WHAT THE TASK ASKS –
Would you retype every entry that follows without altering a word?

TASK MATERIAL –
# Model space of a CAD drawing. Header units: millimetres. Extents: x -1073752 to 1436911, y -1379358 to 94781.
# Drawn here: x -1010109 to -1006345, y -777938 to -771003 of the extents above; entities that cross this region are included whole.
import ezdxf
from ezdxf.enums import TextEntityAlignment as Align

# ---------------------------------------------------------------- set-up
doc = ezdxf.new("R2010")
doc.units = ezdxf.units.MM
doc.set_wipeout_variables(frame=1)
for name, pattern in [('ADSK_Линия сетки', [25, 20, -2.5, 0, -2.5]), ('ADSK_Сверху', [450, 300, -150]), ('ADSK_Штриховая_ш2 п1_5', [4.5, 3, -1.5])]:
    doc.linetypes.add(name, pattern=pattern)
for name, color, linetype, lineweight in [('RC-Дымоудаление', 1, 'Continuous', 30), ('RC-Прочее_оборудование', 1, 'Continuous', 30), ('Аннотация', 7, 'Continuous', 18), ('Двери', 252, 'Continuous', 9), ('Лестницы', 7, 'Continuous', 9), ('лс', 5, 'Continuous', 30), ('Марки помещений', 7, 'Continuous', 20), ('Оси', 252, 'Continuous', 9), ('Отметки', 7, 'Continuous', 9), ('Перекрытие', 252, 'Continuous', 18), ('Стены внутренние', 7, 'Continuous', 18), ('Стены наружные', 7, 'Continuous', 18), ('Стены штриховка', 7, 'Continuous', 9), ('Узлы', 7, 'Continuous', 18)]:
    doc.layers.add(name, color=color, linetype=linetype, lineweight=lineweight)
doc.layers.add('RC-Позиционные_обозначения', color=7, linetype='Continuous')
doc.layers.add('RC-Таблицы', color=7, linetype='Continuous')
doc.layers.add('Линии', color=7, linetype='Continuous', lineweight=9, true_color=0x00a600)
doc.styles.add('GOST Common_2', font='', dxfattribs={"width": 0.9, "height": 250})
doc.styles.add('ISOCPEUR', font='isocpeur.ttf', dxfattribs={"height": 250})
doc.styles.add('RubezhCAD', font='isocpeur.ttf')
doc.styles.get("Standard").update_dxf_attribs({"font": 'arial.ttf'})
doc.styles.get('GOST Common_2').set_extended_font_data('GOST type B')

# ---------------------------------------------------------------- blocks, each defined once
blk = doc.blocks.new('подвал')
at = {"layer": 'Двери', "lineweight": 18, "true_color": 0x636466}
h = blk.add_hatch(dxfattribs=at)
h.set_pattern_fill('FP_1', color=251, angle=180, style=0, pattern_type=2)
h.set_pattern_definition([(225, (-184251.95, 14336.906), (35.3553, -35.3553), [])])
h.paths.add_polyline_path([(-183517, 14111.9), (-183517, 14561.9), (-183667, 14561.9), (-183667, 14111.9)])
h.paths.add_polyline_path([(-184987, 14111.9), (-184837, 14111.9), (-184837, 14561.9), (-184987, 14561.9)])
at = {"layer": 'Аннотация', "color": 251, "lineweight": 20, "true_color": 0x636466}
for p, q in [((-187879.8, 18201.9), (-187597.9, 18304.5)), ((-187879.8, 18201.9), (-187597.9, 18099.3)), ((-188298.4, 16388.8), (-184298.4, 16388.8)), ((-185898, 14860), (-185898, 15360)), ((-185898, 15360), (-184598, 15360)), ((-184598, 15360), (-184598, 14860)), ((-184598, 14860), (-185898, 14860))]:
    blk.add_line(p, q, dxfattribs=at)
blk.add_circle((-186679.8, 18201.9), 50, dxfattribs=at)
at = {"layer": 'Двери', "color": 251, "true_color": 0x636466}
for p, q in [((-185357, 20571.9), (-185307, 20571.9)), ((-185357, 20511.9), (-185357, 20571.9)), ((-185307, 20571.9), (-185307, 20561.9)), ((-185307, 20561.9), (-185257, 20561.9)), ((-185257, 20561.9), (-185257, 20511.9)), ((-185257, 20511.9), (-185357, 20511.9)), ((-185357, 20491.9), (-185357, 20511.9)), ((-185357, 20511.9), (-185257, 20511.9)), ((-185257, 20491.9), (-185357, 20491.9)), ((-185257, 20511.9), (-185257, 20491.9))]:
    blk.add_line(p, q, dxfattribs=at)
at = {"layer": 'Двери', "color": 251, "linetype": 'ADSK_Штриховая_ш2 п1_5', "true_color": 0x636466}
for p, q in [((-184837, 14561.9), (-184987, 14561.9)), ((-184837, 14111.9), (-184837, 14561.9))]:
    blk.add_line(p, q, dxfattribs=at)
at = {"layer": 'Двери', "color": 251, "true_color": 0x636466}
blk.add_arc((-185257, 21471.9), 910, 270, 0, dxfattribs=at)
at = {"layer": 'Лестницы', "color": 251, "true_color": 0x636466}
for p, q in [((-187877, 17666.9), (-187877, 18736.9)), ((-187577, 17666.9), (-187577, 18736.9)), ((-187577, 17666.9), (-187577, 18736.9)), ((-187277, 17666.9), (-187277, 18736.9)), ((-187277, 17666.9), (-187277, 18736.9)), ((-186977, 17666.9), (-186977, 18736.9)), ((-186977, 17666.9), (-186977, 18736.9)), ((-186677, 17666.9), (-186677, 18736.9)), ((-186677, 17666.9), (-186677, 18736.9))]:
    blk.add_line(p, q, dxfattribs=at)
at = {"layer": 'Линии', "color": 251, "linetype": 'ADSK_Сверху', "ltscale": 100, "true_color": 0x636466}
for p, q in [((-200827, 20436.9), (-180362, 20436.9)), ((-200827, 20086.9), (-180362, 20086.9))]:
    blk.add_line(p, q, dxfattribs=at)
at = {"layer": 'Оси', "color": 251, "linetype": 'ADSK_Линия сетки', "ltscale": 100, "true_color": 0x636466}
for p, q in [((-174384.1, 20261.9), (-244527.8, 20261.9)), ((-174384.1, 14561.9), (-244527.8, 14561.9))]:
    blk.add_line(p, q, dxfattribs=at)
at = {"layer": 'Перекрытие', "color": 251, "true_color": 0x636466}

TASK ANSWER –
# Model space of a CAD drawing. Header units: millimetres. Extents: x -1073752 to 1436911, y -1379358 to 94781.
# Drawn here: x -1010109 to -1006345, y -777938 to -771003 of the extents above; entities that cross this region are included whole.
import ezdxf
from ezdxf.enums import TextEntityAlignment as Align

# ---------------------------------------------------------------- set-up
doc = ezdxf.new("R2010")
doc.units = ezdxf.units.MM
doc.set_wipeout_variables(frame=1)
for name, pattern in [('ADSK_Линия сетки', [25, 20, -2.5, 0, -2.5]), ('ADSK_Сверху', [450, 300, -150]), ('ADSK_Штриховая_ш2 п1_5', [4.5, 3, -1.5])]:
    doc.linetypes.add(name, pattern=pattern)
for name, color, linetype, lineweight in [('RC-Дымоудаление', 1, 'Continuous', 30), ('RC-Прочее_оборудование', 1, 'Continuous', 30), ('Аннотация', 7, 'Continuous', 18), ('Двери', 252, 'Continuous', 9), ('Лестницы', 7, 'Continuous', 9), ('лс', 5, 'Continuous', 30), ('Марки помещений', 7, 'Continuous', 20), ('Оси', 252, 'Continuous', 9), ('Отметки', 7, 'Continuous', 9), ('Перекрытие', 252, 'Continuous', 18), ('Стены внутренние', 7, 'Continuous', 18), ('Стены наружные', 7, 'Continuous', 18), ('Стены штриховка', 7, 'Continuous', 9), ('Узлы', 7, 'Continuous', 18)]:
    doc.layers.add(name, color=color, linetype=linetype, lineweight=lineweight)
doc.layers.add('RC-Позиционные_обозначения', color=7, linetype='Continuous')
doc.layers.add('RC-Таблицы', color=7, linetype='Continuous')
doc.layers.add('Линии', color=7, linetype='Continuous', lineweight=9, true_color=0x00a600)
doc.styles.add('GOST Common_2', font='', dxfattribs={"width": 0.9, "height": 250})
doc.styles.add('ISOCPEUR', font='isocpeur.ttf', dxfattribs={"height": 250})
doc.styles.add('RubezhCAD', font='isocpeur.ttf')
doc.styles.get("Standard").update_dxf_attribs({"font": 'arial.ttf'})
doc.styles.get('GOST Common_2').set_extended_font_data('GOST type B')

# ---------------------------------------------------------------- blocks, each defined once
blk = doc.blocks.new('подвал')
at = {"layer": 'Двери', "lineweight": 18, "true_color": 0x636466}
h = blk.add_hatch(dxfattribs=at)
h.set_pattern_fill('FP_1', color=251, angle=180, style=0, pattern_type=2)
h.set_pattern_definition([(225, (-184251.95, 14336.906), (35.3553, -35.3553), [])])
h.paths.add_polyline_path([(-183517, 14111.9), (-183517, 14561.9), (-183667, 14561.9), (-183667, 14111.9)])
h.paths.add_polyline_path([(-184987, 14111.9), (-184837, 14111.9), (-184837, 14561.9), (-184987, 14561.9)])
at = {"layer": 'Аннотация', "color": 251, "lineweight": 20, "true_color": 0x636466}
for p, q in [((-187879.8, 18201.9), (-187597.9, 18304.5)), ((-187879.8, 18201.9), (-187597.9, 18099.3)), ((-188298.4, 16388.8), (-184298.4, 16388.8)), ((-185898, 14860), (-185898, 15360)), ((-185898, 15360), (-184598, 15360)), ((-184598, 15360), (-184598, 14860)), ((-184598, 14860), (-185898, 14860))]:
    blk.add_line(p, q, dxfattribs=at)
blk.add_circle((-186679.8, 18201.9), 50, dxfattribs=at)
at = {"layer": 'Двери', "color": 251, "true_color": 0x636466}
for p, q in [((-185357, 20571.9), (-185307, 20571.9)), ((-185357, 20511.9), (-185357, 20571.9)), ((-185307, 20571.9), (-185307, 20561.9)), ((-185307, 20561.9), (-185257, 20561.9)), ((-185257, 20561.9), (-185257, 20511.9)), ((-185257, 20511.9), (-185357, 20511.9)), ((-185357, 20491.9), (-185357, 20511.9)), ((-185357, 20511.9), (-185257, 20511.9)), ((-185257, 20491.9), (-185357, 20491.9)), ((-185257, 20511.9), (-185257, 20491.9))]:
    blk.add_line(p, q, dxfattribs=at)
at = {"layer": 'Двери', "color": 251, "linetype": 'ADSK_Штриховая_ш2 п1_5', "true_color": 0x636466}
for p, q in [((-184837, 14561.9), (-184987, 14561.9)), ((-184837, 14111.9), (-184837, 14561.9))]:
    blk.add_line(p, q, dxfattribs=at)
at = {"layer": 'Двери', "color": 251, "true_color": 0x636466}
blk.add_arc((-185257, 21471.9), 910, 270, 0, dxfattribs=at)
at = {"layer": 'Лестницы', "color": 251, "true_color": 0x636466}
for p, q in [((-187877, 17666.9), (-187877, 18736.9)), ((-187577, 17666.9), (-187577, 18736.9)), ((-187577, 17666.9), (-187577, 18736.9)), ((-187277, 17666.9), (-187277, 18736.9)), ((-187277, 17666.9), (-187277, 18736.9)), ((-186977, 17666.9), (-186977, 18736.9)), ((-186977, 17666.9), (-186977, 18736.9)), ((-186677, 17666.9), (-186677, 18736.9)), ((-186677, 17666.9), (-186677, 18736.9))]:
    blk.add_line(p, q, dxfattribs=at)
at = {"layer": 'Линии', "color": 251, "linetype": 'ADSK_Сверху', "ltscale": 100, "true_color": 0x636466}
for p, q in [((-200827, 20436.9), (-180362, 20436.9)), ((-200827, 20086.9), (-180362, 20086.9))]:
    blk.add_line(p, q, dxfattribs=at)
at = {"layer": 'Оси', "color": 251, "linetype": 'ADSK_Линия сетки', "ltscale": 100, "true_color": 0x636466}
for p, q in [((-174384.1, 20261.9), (-244527.8, 20261.9)), ((-174384.1, 14561.9), (-244527.8, 14561.9))]:
    blk.add_line(p, q, dxfattribs=at)
at = {"layer": 'Перекрытие', "color": 251, "true_color": 0x636466}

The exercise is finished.